Deputy Speaker Ondo State House of Assembly
- Incumbent
- Assumed office 2025
- Preceded by: Abayomi Akinruntan

Personal details
- Party: All Progressive Congress (APC)
- Alma mater: Obafemi Awolowo University
- Occupation: politician;

= Gbegudu Ololade James =

Nigeria politician

Gbegudu Ololade James is a Nigerian politician who serves as the Deputy Speaker of the Ondo State House of Assembly. He represents Okitipupa Constituency II in Ondo State.

== Early life and education ==
Gbegudu Ololade James was born in Igodan Lisa, in Okitipupa Local Government Area of Ondo State, Nigeria, into the family of Elder Adeyinka Gbegudu and Mrs. Boladele Gbegudu.

He began his early education at St. Theresa’s Primary School in Akure. He proceeded to Unity Secondary School, Ode-Aye, and later attended Ife Grammar School, Ile-Ife, Osun State. He obtained his tertiary education at Obafemi Awolowo University, Ile-Ife.

== Career ==
Gbegudu is a member of the Ondo State House of Assembly representing Okitipupa Constituency II in Ondo State. He is affiliated with the All Progressives Congress (APC).

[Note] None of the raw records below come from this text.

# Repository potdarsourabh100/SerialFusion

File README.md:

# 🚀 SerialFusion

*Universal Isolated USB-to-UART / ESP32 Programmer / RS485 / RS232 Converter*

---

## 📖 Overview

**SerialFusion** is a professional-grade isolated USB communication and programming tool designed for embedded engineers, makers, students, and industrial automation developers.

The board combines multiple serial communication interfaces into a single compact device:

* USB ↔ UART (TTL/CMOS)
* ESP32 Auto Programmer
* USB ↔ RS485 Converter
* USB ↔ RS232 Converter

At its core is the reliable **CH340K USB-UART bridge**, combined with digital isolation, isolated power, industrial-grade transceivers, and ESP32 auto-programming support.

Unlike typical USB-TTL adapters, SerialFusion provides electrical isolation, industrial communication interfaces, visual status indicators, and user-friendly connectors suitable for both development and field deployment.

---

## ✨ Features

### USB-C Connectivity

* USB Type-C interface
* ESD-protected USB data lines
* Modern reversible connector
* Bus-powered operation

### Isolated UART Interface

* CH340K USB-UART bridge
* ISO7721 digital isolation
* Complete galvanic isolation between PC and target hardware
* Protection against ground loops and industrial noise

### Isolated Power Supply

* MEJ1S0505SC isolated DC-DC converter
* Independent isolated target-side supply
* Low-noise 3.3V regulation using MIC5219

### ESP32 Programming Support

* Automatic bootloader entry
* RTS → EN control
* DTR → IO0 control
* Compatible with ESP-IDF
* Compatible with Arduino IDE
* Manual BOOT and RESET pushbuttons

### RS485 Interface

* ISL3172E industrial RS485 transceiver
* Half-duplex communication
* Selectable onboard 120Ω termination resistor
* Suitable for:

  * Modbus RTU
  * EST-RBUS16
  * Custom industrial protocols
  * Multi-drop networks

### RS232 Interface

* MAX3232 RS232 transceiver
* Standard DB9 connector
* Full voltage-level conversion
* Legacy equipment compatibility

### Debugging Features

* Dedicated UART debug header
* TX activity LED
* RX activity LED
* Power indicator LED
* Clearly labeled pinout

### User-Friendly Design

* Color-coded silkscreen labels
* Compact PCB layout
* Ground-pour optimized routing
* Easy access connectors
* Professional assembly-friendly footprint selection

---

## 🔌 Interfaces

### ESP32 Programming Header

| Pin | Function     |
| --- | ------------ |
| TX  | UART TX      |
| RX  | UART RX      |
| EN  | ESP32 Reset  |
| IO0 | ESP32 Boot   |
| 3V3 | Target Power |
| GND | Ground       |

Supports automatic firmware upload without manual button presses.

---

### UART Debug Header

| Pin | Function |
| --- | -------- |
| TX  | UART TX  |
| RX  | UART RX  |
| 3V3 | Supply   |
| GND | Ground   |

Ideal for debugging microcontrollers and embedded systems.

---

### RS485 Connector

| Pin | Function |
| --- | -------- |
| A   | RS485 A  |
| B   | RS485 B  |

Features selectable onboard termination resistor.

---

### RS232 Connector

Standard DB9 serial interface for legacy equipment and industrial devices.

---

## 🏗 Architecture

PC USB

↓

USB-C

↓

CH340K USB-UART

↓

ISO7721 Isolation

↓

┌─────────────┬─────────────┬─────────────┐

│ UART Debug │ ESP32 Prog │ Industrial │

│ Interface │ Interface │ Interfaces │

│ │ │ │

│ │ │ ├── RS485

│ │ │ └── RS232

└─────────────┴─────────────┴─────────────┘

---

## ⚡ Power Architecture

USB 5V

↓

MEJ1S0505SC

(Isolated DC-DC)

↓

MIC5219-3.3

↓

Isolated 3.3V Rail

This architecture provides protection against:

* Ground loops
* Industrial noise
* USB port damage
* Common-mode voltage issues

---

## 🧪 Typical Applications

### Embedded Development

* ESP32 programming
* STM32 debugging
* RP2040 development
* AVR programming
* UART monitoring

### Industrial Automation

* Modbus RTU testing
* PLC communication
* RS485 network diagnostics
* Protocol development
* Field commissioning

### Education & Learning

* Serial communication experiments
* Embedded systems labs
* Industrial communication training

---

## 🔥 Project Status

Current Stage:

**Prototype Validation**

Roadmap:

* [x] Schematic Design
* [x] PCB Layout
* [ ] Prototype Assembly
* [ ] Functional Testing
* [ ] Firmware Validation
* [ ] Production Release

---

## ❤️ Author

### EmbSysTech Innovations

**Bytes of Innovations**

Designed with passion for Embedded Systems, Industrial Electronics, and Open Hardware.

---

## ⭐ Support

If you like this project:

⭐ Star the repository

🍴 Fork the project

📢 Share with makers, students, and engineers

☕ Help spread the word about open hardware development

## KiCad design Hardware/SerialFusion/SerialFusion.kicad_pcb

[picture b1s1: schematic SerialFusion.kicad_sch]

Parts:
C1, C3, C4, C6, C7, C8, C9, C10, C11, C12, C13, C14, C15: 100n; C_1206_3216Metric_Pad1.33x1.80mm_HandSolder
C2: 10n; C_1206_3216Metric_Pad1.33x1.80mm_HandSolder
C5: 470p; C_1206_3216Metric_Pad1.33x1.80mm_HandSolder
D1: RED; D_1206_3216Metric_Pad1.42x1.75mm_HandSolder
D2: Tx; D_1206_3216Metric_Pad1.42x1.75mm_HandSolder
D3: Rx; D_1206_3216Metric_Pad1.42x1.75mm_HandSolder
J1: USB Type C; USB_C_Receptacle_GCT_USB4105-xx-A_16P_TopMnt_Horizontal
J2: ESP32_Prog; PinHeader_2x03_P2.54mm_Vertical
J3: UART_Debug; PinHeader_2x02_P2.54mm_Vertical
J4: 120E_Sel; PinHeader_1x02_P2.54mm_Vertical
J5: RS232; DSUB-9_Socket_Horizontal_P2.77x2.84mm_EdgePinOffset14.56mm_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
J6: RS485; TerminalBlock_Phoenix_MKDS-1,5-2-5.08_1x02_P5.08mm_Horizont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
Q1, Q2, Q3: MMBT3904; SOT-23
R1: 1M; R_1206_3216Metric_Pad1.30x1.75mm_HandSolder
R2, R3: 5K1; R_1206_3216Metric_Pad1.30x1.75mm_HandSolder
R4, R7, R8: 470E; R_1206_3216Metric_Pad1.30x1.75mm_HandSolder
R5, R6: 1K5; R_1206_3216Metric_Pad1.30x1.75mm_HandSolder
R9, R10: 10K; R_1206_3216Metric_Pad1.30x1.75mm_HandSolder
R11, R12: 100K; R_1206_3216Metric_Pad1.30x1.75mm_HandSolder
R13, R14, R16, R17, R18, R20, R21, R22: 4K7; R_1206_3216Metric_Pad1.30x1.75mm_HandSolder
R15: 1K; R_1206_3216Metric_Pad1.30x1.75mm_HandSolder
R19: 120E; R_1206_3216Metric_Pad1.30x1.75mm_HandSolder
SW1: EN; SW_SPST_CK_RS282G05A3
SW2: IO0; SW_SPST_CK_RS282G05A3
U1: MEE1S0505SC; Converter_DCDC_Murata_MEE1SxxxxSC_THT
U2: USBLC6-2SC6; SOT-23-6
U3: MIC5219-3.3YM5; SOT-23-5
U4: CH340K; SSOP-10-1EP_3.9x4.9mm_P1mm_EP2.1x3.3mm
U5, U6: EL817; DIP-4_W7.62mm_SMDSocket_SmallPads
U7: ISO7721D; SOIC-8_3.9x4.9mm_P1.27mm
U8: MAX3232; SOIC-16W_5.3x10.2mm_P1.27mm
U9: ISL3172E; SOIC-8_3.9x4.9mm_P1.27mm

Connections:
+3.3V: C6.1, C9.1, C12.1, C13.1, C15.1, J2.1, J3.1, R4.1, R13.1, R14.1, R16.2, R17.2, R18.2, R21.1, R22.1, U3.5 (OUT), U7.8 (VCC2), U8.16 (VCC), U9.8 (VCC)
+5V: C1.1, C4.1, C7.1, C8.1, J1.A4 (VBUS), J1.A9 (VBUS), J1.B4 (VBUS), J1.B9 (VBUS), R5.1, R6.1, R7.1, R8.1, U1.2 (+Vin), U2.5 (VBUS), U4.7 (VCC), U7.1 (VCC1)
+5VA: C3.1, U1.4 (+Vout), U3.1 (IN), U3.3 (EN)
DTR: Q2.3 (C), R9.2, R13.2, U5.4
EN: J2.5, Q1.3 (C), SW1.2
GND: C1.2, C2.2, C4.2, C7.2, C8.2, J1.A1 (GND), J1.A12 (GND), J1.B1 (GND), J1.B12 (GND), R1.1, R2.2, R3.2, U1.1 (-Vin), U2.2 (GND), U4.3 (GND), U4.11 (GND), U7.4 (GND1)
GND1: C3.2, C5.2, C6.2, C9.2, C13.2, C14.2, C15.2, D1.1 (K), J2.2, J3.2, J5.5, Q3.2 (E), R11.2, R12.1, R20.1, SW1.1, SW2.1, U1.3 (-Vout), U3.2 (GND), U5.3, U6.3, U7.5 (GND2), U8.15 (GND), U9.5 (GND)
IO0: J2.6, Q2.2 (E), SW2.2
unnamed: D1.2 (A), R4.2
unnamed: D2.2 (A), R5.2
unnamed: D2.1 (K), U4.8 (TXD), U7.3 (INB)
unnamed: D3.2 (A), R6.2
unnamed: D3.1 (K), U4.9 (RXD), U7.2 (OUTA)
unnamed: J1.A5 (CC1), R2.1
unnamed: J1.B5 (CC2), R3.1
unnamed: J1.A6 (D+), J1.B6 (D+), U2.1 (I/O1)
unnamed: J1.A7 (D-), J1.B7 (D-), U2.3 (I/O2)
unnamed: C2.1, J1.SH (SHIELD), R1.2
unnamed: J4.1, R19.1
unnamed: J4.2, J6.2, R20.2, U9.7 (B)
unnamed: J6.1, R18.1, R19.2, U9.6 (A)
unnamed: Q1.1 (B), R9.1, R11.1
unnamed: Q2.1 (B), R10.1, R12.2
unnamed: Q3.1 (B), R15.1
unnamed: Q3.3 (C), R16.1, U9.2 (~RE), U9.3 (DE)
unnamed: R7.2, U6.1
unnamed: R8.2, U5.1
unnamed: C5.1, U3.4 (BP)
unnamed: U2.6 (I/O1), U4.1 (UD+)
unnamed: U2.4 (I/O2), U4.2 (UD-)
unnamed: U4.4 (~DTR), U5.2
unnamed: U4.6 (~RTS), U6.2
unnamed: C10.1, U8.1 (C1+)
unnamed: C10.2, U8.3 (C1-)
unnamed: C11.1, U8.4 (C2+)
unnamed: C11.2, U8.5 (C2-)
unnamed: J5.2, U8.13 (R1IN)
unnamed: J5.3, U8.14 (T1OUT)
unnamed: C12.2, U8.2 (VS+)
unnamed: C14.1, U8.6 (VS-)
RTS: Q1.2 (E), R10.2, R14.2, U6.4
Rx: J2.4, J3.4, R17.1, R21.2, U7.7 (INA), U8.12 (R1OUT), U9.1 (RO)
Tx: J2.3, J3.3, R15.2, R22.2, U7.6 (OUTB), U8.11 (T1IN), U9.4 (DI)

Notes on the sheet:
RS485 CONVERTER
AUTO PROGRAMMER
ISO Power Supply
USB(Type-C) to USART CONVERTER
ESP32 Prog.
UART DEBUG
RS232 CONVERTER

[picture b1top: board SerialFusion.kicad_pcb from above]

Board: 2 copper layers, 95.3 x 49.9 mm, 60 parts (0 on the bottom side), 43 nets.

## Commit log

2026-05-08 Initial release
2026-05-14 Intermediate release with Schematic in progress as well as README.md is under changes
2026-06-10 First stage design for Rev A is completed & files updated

Gbegudu was first elected to the Ondo State House of Assembly in October 2019 following a judicial process. During his tenure, he served as Chairman of the House Committee on Security, Culture, Tourism, Community Development, and Cooperative Services, where he participated in legislative oversight and deliberations on matters relating to security and community development.

On July 3, 2025, he was elected Deputy Speaker of the Ondo State House of Assembly following a leadership reorganisation within the legislature.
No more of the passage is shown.